What needs to be done: Could you state how many lines of the material hold "lineweight"? Include nothing beyond the number.
┌─ Available data
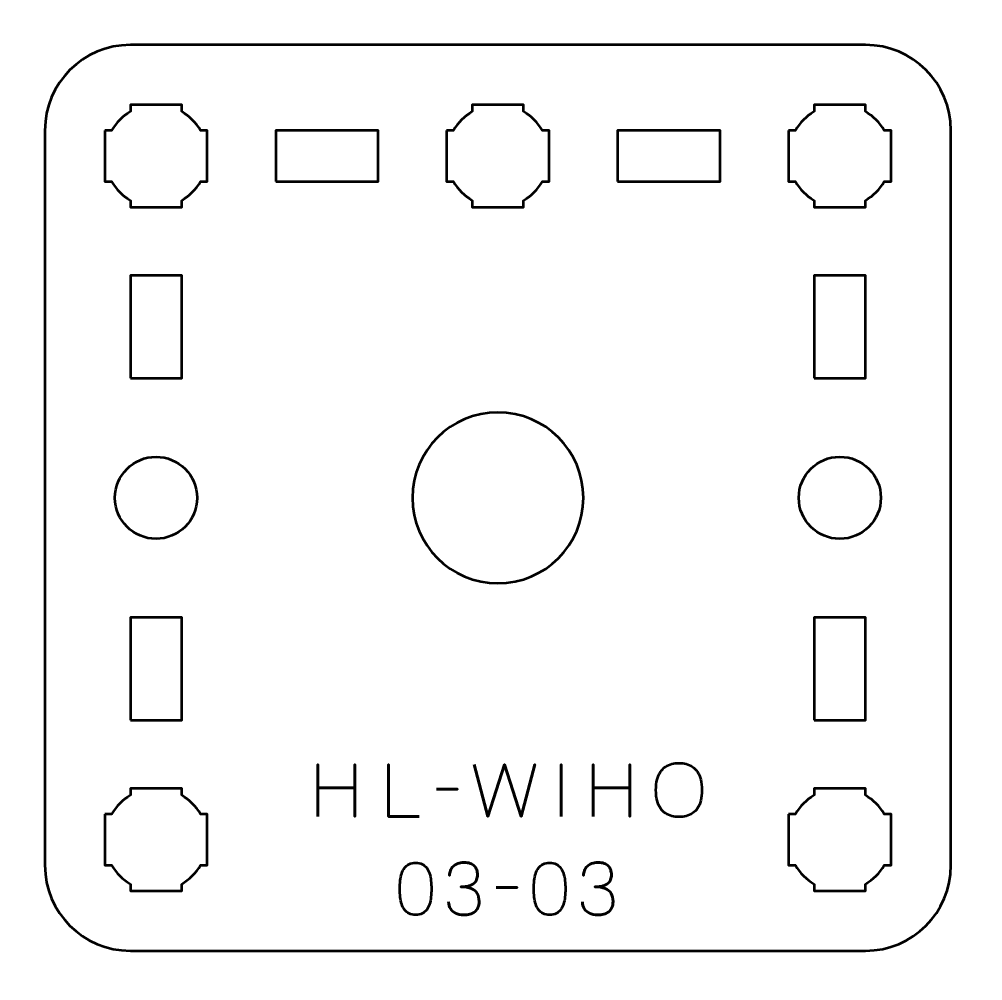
# Model space of a CAD drawing. Header units: centimetres. Extents: x -21 to 0, y -29.7 to 0.
# Drawn here: x -11.4 to -5.76, y -22.88 to -17.25 of the extents above; entities that cross this region are included whole.
import ezdxf

# ---------------------------------------------------------------- set-up
doc = ezdxf.new("R2010")
doc.units = ezdxf.units.CM
doc.header["$MEASUREMENT"] = 0
doc.layers.add('Layer 1', color=7, linetype='Continuous')

msp = doc.modelspace()

# ---------------------------------------------------------------- linework, layer by layer
at = {"layer": 'Layer 1', "lineweight": 53}
for points in [[(-10.75, -19.35), (-10.45, -19.35), (-10.45, -18.75), (-10.75, -18.75), (-10.75, -19.35)], [(-6.75, -19.35), (-6.45, -19.35), (-6.45, -18.75), (-6.75, -18.75), (-6.75, -19.35)], [(-10.75, -21.35), (-10.45, -21.35), (-10.45, -20.75), (-10.75, -20.75), (-10.75, -21.35)], [(-6.75, -21.35), (-6.45, -21.35), (-6.45, -20.75), (-6.75, -20.75), (-6.75, -21.35)]]:
    msp.add_lwpolyline(points, close=True, dxfattribs=at)
for centre in [(-10.6, -20.05), (-6.6, -20.05)]:
    msp.add_ellipse(centre, major_axis=(0, 0.24), ratio=1, dxfattribs=at)
at = {"layer": 'Layer 1', "color": 1, "lineweight": 53}
msp.add_open_spline([(-21.00003, -29.19995), (-21.00003, -29.19995), (-21.00003, -2.89992), (-21.00003, -2.89992), (-21.00003, -2.89992), (-21.00003, -2.81709), (-20.93286, -2.74992), (-20.85003, -2.74992), (-20.85003, -2.74992), (-20.7672, -2.74992), (-20.70003, -2.68275), (-20.70003, -2.59992), (-20.70003, -2.59992), (-20.70003, -2.51709), (-20.7672, -2.44992), (-20.85003, -2.44992), (-20.85003, -2.44992), (-20.93286, -2.44992), (-21.00003, -2.38275), (-21.00003, -2.29992), (-21.00003, -2.29992), (-21.00003, -2.21709), (-20.93286, -2.14992), (-20.85003, -2.14992), (-20.85003, -2.14992), (-20.7672, -2.14992), (-20.70003, -2.08275), (-20.70003, -1.99992), (-20.70003, -1.99992), (-20.70003, -1.91709), (-20.7672, -1.84992), (-20.85003, -1.84992), (-20.85003, -1.84992), (-20.93286, -1.84992), (-21.00003, -1.78275), (-21.00003, -1.69992), (-21.00003, -1.69992), (-21.00003, -1.61709), (-20.93286, -1.54992), (-20.85003, -1.54992), (-20.85003, -1.54992), (-20.7672, -1.54992), (-20.70003, -1.48275), (-20.70003, -1.39992), (-20.70003, -1.39992), (-20.70003, -1.31709), (-20.7672, -1.24992), (-20.85003, -1.24992), (-20.85003, -1.24992), (-20.93286, -1.24992), (-21.00003, -1.18275), (-21.00003, -1.09992), (-21.00003, -1.09992), (-21.00003, -1.09992), (-21.00003, -0.49992), (-21.00003, -0.49992), (-21.00003, -0.49992), (-21.00003, -0.22295), (-20.77694, 0.00004), (-20.49994, 0.00004), (-20.49994, 0.00004), (-20.49994, 0.00004), (-0.50008, 0.00004), (-0.50008, 0.00004), (-0.50008, 0.00004), (-0.22294, 0.00004), (0.00002, -0.22295), (0.00002, -0.49992), (0.00002, -0.49992), (0.00002, -0.49992), (0.00002, -29.19995), (0.00002, -29.19995), (0.00002, -29.19995), (0.00002, -29.47695), (-0.22294, -29.70004), (-0.50008, -29.70004), (-0.50008, -29.70004), (-0.50008, -29.70004), (-20.49994, -29.70004), (-20.49994, -29.70004), (-20.49994, -29.70004), (-20.77694, -29.70004), (-21.00003, -29.47695), (-21.00003, -29.19995)], degree=3, knots=[0, 0, 0, 0, 0.047619, 0.047619, 0.047619, 0.047619, 0.0952381, 0.0952381, 0.0952381, 0.0952381, 0.1428571, 0.1428571, 0.1428571, 0.1428571, 0.1904762, 0.1904762, 0.1904762, 0.1904762, 0.2380952, 0.2380952, 0.2380952, 0.2380952, 0.2857143, 0.2857143, 0.2857143, 0.2857143, 0.3333333, 0.3333333, 0.3333333, 0.3333333, 0.3809524, 0.3809524, 0.3809524, 0.3809524, 0.4285714, 0.4285714, 0.4285714, 0.4285714, 0.4761905, 0.4761905, 0.4761905, 0.4761905, 0.5238095, 0.5238095, 0.5238095, 0.5238095, 0.5714286, 0.5714286, 0.5714286, 0.5714286, 0.6190476, 0.6190476, 0.6190476, 0.6190476, 0.6666667, 0.6666667, 0.6666667, 0.6666667, 0.7142857, 0.7142857, 0.7142857, 0.7142857, 0.7619048, 0.7619048, 0.7619048, 0.7619048, 0.8095238, 0.8095238, 0.8095238, 0.8095238, 0.8571429, 0.8571429, 0.8571429, 0.8571429, 0.9047619, 0.9047619, 0.9047619, 0.9047619, 0.952381, 0.952381, 0.952381, 0.952381, 1, 1, 1, 1], dxfattribs=at)
at = {"layer": 'Layer 1', "color": 3, "lineweight": 53}
msp.add_open_spline([(-11.25, -22.2), (-11.25, -22.2), (-11.25, -17.9), (-11.25, -17.9), (-11.25, -17.9), (-11.25, -17.62391), (-11.02609, -17.4), (-10.75, -17.4), (-10.75, -17.4), (-10.75, -17.4), (-6.45, -17.4), (-6.45, -17.4), (-6.45, -17.4), (-6.17391, -17.4), (-5.95, -17.62391), (-5.95, -17.9), (-5.95, -17.9), (-5.95, -17.9), (-5.95, -22.2), (-5.95, -22.2), (-5.95, -22.2), (-5.95, -22.47609), (-6.17391, -22.7), (-6.45, -22.7), (-6.45, -22.7), (-6.45, -22.7), (-10.75, -22.7), (-10.75, -22.7), (-10.75, -22.7), (-11.02609, -22.7), (-11.25, -22.47609), (-11.25, -22.2)], degree=3, knots=[0, 0, 0, 0, 0.125, 0.125, 0.125, 0.125, 0.25, 0.25, 0.25, 0.25, 0.375, 0.375, 0.375, 0.375, 0.5, 0.5, 0.5, 0.5, 0.625, 0.625, 0.625, 0.625, 0.75, 0.75, 0.75, 0.75, 0.875, 0.875, 0.875, 0.875, 1, 1, 1, 1], dxfattribs=at)
at = {"layer": 'Layer 1', "lineweight": 53}
for points, knots in [([(-10.9, -17.9), (-10.9, -17.9), (-10.85985, -17.9), (-10.85985, -17.9), (-10.85985, -17.9), (-10.8335, -17.85447), (-10.79553, -17.8165), (-10.75, -17.79015), (-10.75, -17.79015), (-10.75, -17.79015), (-10.75, -17.75), (-10.75, -17.75), (-10.75, -17.75), (-10.75, -17.75), (-10.6, -17.75), (-10.6, -17.75), (-10.6, -17.75), (-10.6, -17.75), (-10.45, -17.75), (-10.45, -17.75), (-10.45, -17.75), (-10.45, -17.75), (-10.45, -17.79015), (-10.45, -17.79015), (-10.45, -17.79015), (-10.40447, -17.8165), (-10.3665, -17.85447), (-10.34015, -17.9), (-10.34015, -17.9), (-10.34015, -17.9), (-10.3, -17.9), (-10.3, -17.9), (-10.3, -17.9), (-10.3, -17.9), (-10.3, -18.05), (-10.3, -18.05), (-10.3, -18.05), (-10.3, -18.05), (-10.3, -18.2), (-10.3, -18.2), (-10.3, -18.2), (-10.3, -18.2), (-10.34015, -18.2), (-10.34015, -18.2), (-10.34015, -18.2), (-10.3665, -18.24553), (-10.40447, -18.2835), (-10.45, -18.30985), (-10.45, -18.30985), (-10.45, -18.30985), (-10.45, -18.35), (-10.45, -18.35), (-10.45, -18.35), (-10.45, -18.35), (-10.6, -18.35), (-10.6, -18.35), (-10.6, -18.35), (-10.6, -18.35), (-10.75, -18.35), (-10.75, -18.35), (-10.75, -18.35), (-10.75, -18.35), (-10.75, -18.30985), (-10.75, -18.30985), (-10.75, -18.30985), (-10.79553, -18.2835), (-10.8335, -18.24553), (-10.85985, -18.2), (-10.85985, -18.2), (-10.85985, -18.2), (-10.9, -18.2), (-10.9, -18.2), (-10.9, -18.2), (-10.9, -18.2), (-10.9, -18.05), (-10.9, -18.05), (-10.9, -18.05), (-10.9, -18.05), (-10.9, -17.9), (-10.9, -17.9)], [0, 0, 0, 0, 0.05, 0.05, 0.05, 0.05, 0.1, 0.1, 0.1, 0.1, 0.15, 0.15, 0.15, 0.15, 0.2, 0.2, 0.2, 0.2, 0.25, 0.25, 0.25, 0.25, 0.3, 0.3, 0.3, 0.3, 0.35, 0.35, 0.35, 0.35, 0.4, 0.4, 0.4, 0.4, 0.45, 0.45, 0.45, 0.45, 0.5, 0.5, 0.5, 0.5, 0.55, 0.55, 0.55, 0.55, 0.6, 0.6, 0.6, 0.6, 0.65, 0.65, 0.65, 0.65, 0.7, 0.7, 0.7, 0.7, 0.75, 0.75, 0.75, 0.75, 0.8, 0.8, 0.8, 0.8, 0.85, 0.85, 0.85, 0.85, 0.9, 0.9, 0.9, 0.9, 0.95, 0.95, 0.95, 0.95, 1, 1, 1, 1]), ([(-8.9, -17.9), (-8.9, -17.9), (-8.85985, -17.9), (-8.85985, -17.9), (-8.85985, -17.9), (-8.8335, -17.85447), (-8.79553, -17.8165), (-8.75, -17.79015), (-8.75, -17.79015), (-8.75, -17.79015), (-8.75, -17.75), (-8.75, -17.75), (-8.75, -17.75), (-8.75, -17.75), (-8.6, -17.75), (-8.6, -17.75), (-8.6, -17.75), (-8.6, -17.75), (-8.45, -17.75), (-8.45, -17.75), (-8.45, -17.75), (-8.45, -17.75), (-8.45, -17.79015), (-8.45, -17.79015), (-8.45, -17.79015), (-8.40447, -17.8165), (-8.3665, -17.85447), (-8.34015, -17.9), (-8.34015, -17.9), (-8.34015, -17.9), (-8.3, -17.9), (-8.3, -17.9), (-8.3, -17.9), (-8.3, -17.9), (-8.3, -18.05), (-8.3, -18.05), (-8.3, -18.05), (-8.3, -18.05), (-8.3, -18.2), (-8.3, -18.2), (-8.3, -18.2), (-8.3, -18.2), (-8.34015, -18.2), (-8.34015, -18.2), (-8.34015, -18.2), (-8.3665, -18.24553), (-8.40447, -18.2835), (-8.45, -18.30985), (-8.45, -18.30985), (-8.45, -18.30985), (-8.45, -18.35), (-8.45, -18.35), (-8.45, -18.35), (-8.45, -18.35), (-8.6, -18.35), (-8.6, -18.35), (-8.6, -18.35), (-8.6, -18.35), (-8.75, -18.35), (-8.75, -18.35), (-8.75, -18.35), (-8.75, -18.35), (-8.75, -18.30985), (-8.75, -18.30985), (-8.75, -18.30985), (-8.79553, -18.2835), (-8.8335, -18.24553), (-8.85985, -18.2), (-8.85985, -18.2), (-8.85985, -18.2), (-8.9, -18.2), (-8.9, -18.2), (-8.9, -18.2), (-8.9, -18.2), (-8.9, -18.05), (-8.9, -18.05), (-8.9, -18.05), (-8.9, -18.05), (-8.9, -17.9), (-8.9, -17.9)], [0, 0, 0, 0, 0.05, 0.05, 0.05, 0.05, 0.1, 0.1, 0.1, 0.1, 0.15, 0.15, 0.15, 0.15, 0.2, 0.2, 0.2, 0.2, 0.25, 0.25, 0.25, 0.25, 0.3, 0.3, 0.3, 0.3, 0.35, 0.35, 0.35, 0.35, 0.4, 0.4, 0.4, 0.4, 0.45, 0.45, 0.45, 0.45, 0.5, 0.5, 0.5, 0.5, 0.55, 0.55, 0.55, 0.55, 0.6, 0.6, 0.6, 0.6, 0.65, 0.65, 0.65, 0.65, 0.7, 0.7, 0.7, 0.7, 0.75, 0.75, 0.75, 0.75, 0.8, 0.8, 0.8, 0.8, 0.85, 0.85, 0.85, 0.85, 0.9, 0.9, 0.9, 0.9, 0.95, 0.95, 0.95, 0.95, 1, 1, 1, 1]), ([(-6.9, -17.9), (-6.9, -17.9), (-6.85985, -17.9), (-6.85985, -17.9), (-6.85985, -17.9), (-6.8335, -17.85447), (-6.79553, -17.8165), (-6.75, -17.79015), (-6.75, -17.79015), (-6.75, -17.79015), (-6.75, -17.75), (-6.75, -17.75), (-6.75, -17.75), (-6.75, -17.75), (-6.6, -17.75), (-6.6, -17.75), (-6.6, -17.75), (-6.6, -17.75), (-6.45, -17.75), (-6.45, -17.75), (-6.45, -17.75), (-6.45, -17.75), (-6.45, -17.79015), (-6.45, -17.79015), (-6.45, -17.79015), (-6.40447, -17.8165), (-6.3665, -17.85447), (-6.34015, -17.9), (-6.34015, -17.9), (-6.34015, -17.9), (-6.3, -17.9), (-6.3, -17.9), (-6.3, -17.9), (-6.3, -17.9), (-6.3, -18.05), (-6.3, -18.05), (-6.3, -18.05), (-6.3, -18.05), (-6.3, -18.2), (-6.3, -18.2), (-6.3, -18.2), (-6.3, -18.2), (-6.34015, -18.2), (-6.34015, -18.2), (-6.34015, -18.2), (-6.3665, -18.24553), (-6.40447, -18.2835), (-6.45, -18.30985), (-6.45, -18.30985), (-6.45, -18.30985), (-6.45, -18.35), (-6.45, -18.35), (-6.45, -18.35), (-6.45, -18.35), (-6.6, -18.35), (-6.6, -18.35), (-6.6, -18.35), (-6.6, -18.35), (-6.75, -18.35), (-6.75, -18.35), (-6.75, -18.35), (-6.75, -18.35), (-6.75, -18.30985), (-6.75, -18.30985), (-6.75, -18.30985), (-6.79553, -18.2835), (-6.8335, -18.24553), (-6.85985, -18.2), (-6.85985, -18.2), (-6.85985, -18.2), (-6.9, -18.2), (-6.9, -18.2), (-6.9, -18.2), (-6.9, -18.2), (-6.9, -18.05), (-6.9, -18.05), (-6.9, -18.05), (-6.9, -18.05), (-6.9, -17.9), (-6.9, -17.9)], [0, 0, 0, 0, 0.05, 0.05, 0.05, 0.05, 0.1, 0.1, 0.1, 0.1, 0.15, 0.15, 0.15, 0.15, 0.2, 0.2, 0.2, 0.2, 0.25, 0.25, 0.25, 0.25, 0.3, 0.3, 0.3, 0.3, 0.35, 0.35, 0.35, 0.35, 0.4, 0.4, 0.4, 0.4, 0.45, 0.45, 0.45, 0.45, 0.5, 0.5, 0.5, 0.5, 0.55, 0.55, 0.55, 0.55, 0.6, 0.6, 0.6, 0.6, 0.65, 0.65, 0.65, 0.65, 0.7, 0.7, 0.7, 0.7, 0.75, 0.75, 0.75, 0.75, 0.8, 0.8, 0.8, 0.8, 0.85, 0.85, 0.85, 0.85, 0.9, 0.9, 0.9, 0.9, 0.95, 0.95, 0.95, 0.95, 1, 1, 1, 1]), ([(-9.9, -18.2), (-9.9, -18.2), (-9.9, -17.9), (-9.9, -17.9), (-9.9, -17.9), (-9.9, -17.9), (-9.3, -17.9), (-9.3, -17.9), (-9.3, -17.9), (-9.3, -17.9), (-9.3, -18.2), (-9.3, -18.2), (-9.3, -18.2), (-9.3, -18.2), (-9.9, -18.2), (-9.9, -18.2)], [0, 0, 0, 0, 0.25, 0.25, 0.25, 0.25, 0.5, 0.5, 0.5, 0.5, 0.75, 0.75, 0.75, 0.75, 1, 1, 1, 1]), ([(-7.9, -18.2), (-7.9, -18.2), (-7.9, -17.9), (-7.9, -17.9), (-7.9, -17.9), (-7.9, -17.9), (-7.3, -17.9), (-7.3, -17.9), (-7.3, -17.9), (-7.3, -17.9), (-7.3, -18.2), (-7.3, -18.2), (-7.3, -18.2), (-7.3, -18.2), (-7.9, -18.2), (-7.9, -18.2)], [0, 0, 0, 0, 0.25, 0.25, 0.25, 0.25, 0.5, 0.5, 0.5, 0.5, 0.75, 0.75, 0.75, 0.75, 1, 1, 1, 1]), ([(-8.10001, -20.05), (-8.10001, -20.3261), (-8.32392, -20.55001), (-8.6, -20.55001), (-8.6, -20.55001), (-8.87611, -20.55001), (-9.10001, -20.3261), (-9.10001, -20.05), (-9.10001, -20.05), (-9.10001, -19.77391), (-8.87611, -19.55001), (-8.6, -19.55001), (-8.6, -19.55001), (-8.32392, -19.55001), (-8.10001, -19.77391), (-8.10001, -20.05)], [0, 0, 0, 0, 0.25, 0.25, 0.25, 0.25, 0.5, 0.5, 0.5, 0.5, 0.75, 0.75, 0.75, 0.75, 1, 1, 1, 1]), ([(-10.9, -21.9), (-10.9, -21.9), (-10.85985, -21.9), (-10.85985, -21.9), (-10.85985, -21.9), (-10.8335, -21.85447), (-10.79553, -21.8165), (-10.75, -21.79015), (-10.75, -21.79015), (-10.75, -21.79015), (-10.75, -21.75), (-10.75, -21.75), (-10.75, -21.75), (-10.75, -21.75), (-10.6, -21.75), (-10.6, -21.75), (-10.6, -21.75), (-10.6, -21.75), (-10.45, -21.75), (-10.45, -21.75), (-10.45, -21.75), (-10.45, -21.75), (-10.45, -21.79015), (-10.45, -21.79015), (-10.45, -21.79015), (-10.40447, -21.8165), (-10.3665, -21.85447), (-10.34015, -21.9), (-10.34015, -21.9), (-10.34015, -21.9), (-10.3, -21.9), (-10.3, -21.9), (-10.3, -21.9), (-10.3, -21.9), (-10.3, -22.05), (-10.3, -22.05), (-10.3, -22.05), (-10.3, -22.05), (-10.3, -22.2), (-10.3, -22.2), (-10.3, -22.2), (-10.3, -22.2), (-10.34015, -22.2), (-10.34015, -22.2), (-10.34015, -22.2), (-10.3665, -22.24553), (-10.40447, -22.2835), (-10.45, -22.30985), (-10.45, -22.30985), (-10.45, -22.30985), (-10.45, -22.35), (-10.45, -22.35), (-10.45, -22.35), (-10.45, -22.35), (-10.6, -22.35), (-10.6, -22.35), (-10.6, -22.35), (-10.6, -22.35), (-10.75, -22.35), (-10.75, -22.35), (-10.75, -22.35), (-10.75, -22.35), (-10.75, -22.30985), (-10.75, -22.30985), (-10.75, -22.30985), (-10.79553, -22.2835), (-10.8335, -22.24553), (-10.85985, -22.2), (-10.85985, -22.2), (-10.85985, -22.2), (-10.9, -22.2), (-10.9, -22.2), (-10.9, -22.2), (-10.9, -22.2), (-10.9, -22.05), (-10.9, -22.05), (-10.9, -22.05), (-10.9, -22.05), (-10.9, -21.9), (-10.9, -21.9)], [0, 0, 0, 0, 0.05, 0.05, 0.05, 0.05, 0.1, 0.1, 0.1, 0.1, 0.15, 0.15, 0.15, 0.15, 0.2, 0.2, 0.2, 0.2, 0.25, 0.25, 0.25, 0.25, 0.3, 0.3, 0.3, 0.3, 0.35, 0.35, 0.35, 0.35, 0.4, 0.4, 0.4, 0.4, 0.45, 0.45, 0.45, 0.45, 0.5, 0.5, 0.5, 0.5, 0.55, 0.55, 0.55, 0.55, 0.6, 0.6, 0.6, 0.6, 0.65, 0.65, 0.65, 0.65, 0.7, 0.7, 0.7, 0.7, 0.75, 0.75, 0.75, 0.75, 0.8, 0.8, 0.8, 0.8, 0.85, 0.85, 0.85, 0.85, 0.9, 0.9, 0.9, 0.9, 0.95, 0.95, 0.95, 0.95, 1, 1, 1, 1]), ([(-6.9, -21.9), (-6.9, -21.9), (-6.85985, -21.9), (-6.85985, -21.9), (-6.85985, -21.9), (-6.8335, -21.85447), (-6.79553, -21.8165), (-6.75, -21.79015), (-6.75, -21.79015), (-6.75, -21.79015), (-6.75, -21.75), (-6.75, -21.75), (-6.75, -21.75), (-6.75, -21.75), (-6.6, -21.75), (-6.6, -21.75), (-6.6, -21.75), (-6.6, -21.75), (-6.45, -21.75), (-6.45, -21.75), (-6.45, -21.75), (-6.45, -21.75), (-6.45, -21.79015), (-6.45, -21.79015), (-6.45, -21.79015), (-6.40447, -21.8165), (-6.3665, -21.85447), (-6.34015, -21.9), (-6.34015, -21.9), (-6.34015, -21.9), (-6.3, -21.9), (-6.3, -21.9), (-6.3, -21.9), (-6.3, -21.9), (-6.3, -22.05), (-6.3, -22.05), (-6.3, -22.05), (-6.3, -22.05), (-6.3, -22.2), (-6.3, -22.2), (-6.3, -22.2), (-6.3, -22.2), (-6.34015, -22.2), (-6.34015, -22.2), (-6.34015, -22.2), (-6.3665, -22.24553), (-6.40447, -22.2835), (-6.45, -22.30985), (-6.45, -22.30985), (-6.45, -22.30985), (-6.45, -22.35), (-6.45, -22.35), (-6.45, -22.35), (-6.45, -22.35), (-6.6, -22.35), (-6.6, -22.35), (-6.6, -22.35), (-6.6, -22.35), (-6.75, -22.35), (-6.75, -22.35), (-6.75, -22.35), (-6.75, -22.35), (-6.75, -22.30985), (-6.75, -22.30985), (-6.75, -22.30985), (-6.79553, -22.2835), (-6.8335, -22.24553), (-6.85985, -22.2), (-6.85985, -22.2), (-6.85985, -22.2), (-6.9, -22.2), (-6.9, -22.2), (-6.9, -22.2), (-6.9, -22.2), (-6.9, -22.05), (-6.9, -22.05), (-6.9, -22.05), (-6.9, -22.05), (-6.9, -21.9), (-6.9, -21.9)], [0, 0, 0, 0, 0.05, 0.05, 0.05, 0.05, 0.1, 0.1, 0.1, 0.1, 0.15, 0.15, 0.15, 0.15, 0.2, 0.2, 0.2, 0.2, 0.25, 0.25, 0.25, 0.25, 0.3, 0.3, 0.3, 0.3, 0.35, 0.35, 0.35, 0.35, 0.4, 0.4, 0.4, 0.4, 0.45, 0.45, 0.45, 0.45, 0.5, 0.5, 0.5, 0.5, 0.55, 0.55, 0.55, 0.55, 0.6, 0.6, 0.6, 0.6, 0.65, 0.65, 0.65, 0.65, 0.7, 0.7, 0.7, 0.7, 0.75, 0.75, 0.75, 0.75, 0.8, 0.8, 0.8, 0.8, 0.85, 0.85, 0.85, 0.85, 0.9, 0.9, 0.9, 0.9, 0.95, 0.95, 0.95, 0.95, 1, 1, 1, 1])]:
    msp.add_open_spline(points, degree=3, knots=knots, dxfattribs=at)
at = {"layer": 'Layer 1', "color": 5, "lineweight": 53}
for points, knots in [([(-9.65261, -21.91494), (-9.65261, -21.91494), (-9.65261, -21.74603), (-9.65261, -21.74603), (-9.65261, -21.74603), (-9.65261, -21.74603), (-9.43714, -21.74603), (-9.43714, -21.74603), (-9.43714, -21.74603), (-9.43714, -21.74603), (-9.43714, -21.91494), (-9.43714, -21.91494), (-9.43714, -21.91494), (-9.43714, -21.91494), (-9.43714, -21.61014), (-9.43714, -21.61014), (-9.43714, -21.61014), (-9.43714, -21.61014), (-9.43714, -21.74603), (-9.43714, -21.74603), (-9.43714, -21.74603), (-9.43714, -21.74603), (-9.65261, -21.74603), (-9.65261, -21.74603), (-9.65261, -21.74603), (-9.65261, -21.74603), (-9.65261, -21.61014), (-9.65261, -21.61014), (-9.65261, -21.61014), (-9.65261, -21.61014), (-9.65261, -21.91494), (-9.65261, -21.91494)], [0, 0, 0, 0, 0.125, 0.125, 0.125, 0.125, 0.25, 0.25, 0.25, 0.25, 0.375, 0.375, 0.375, 0.375, 0.5, 0.5, 0.5, 0.5, 0.625, 0.625, 0.625, 0.625, 0.75, 0.75, 0.75, 0.75, 0.875, 0.875, 0.875, 0.875, 1, 1, 1, 1]), ([(-9.06122, -21.91494), (-9.06122, -21.91494), (-9.23944, -21.91494), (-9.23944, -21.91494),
└─
Answer to the exercise: 5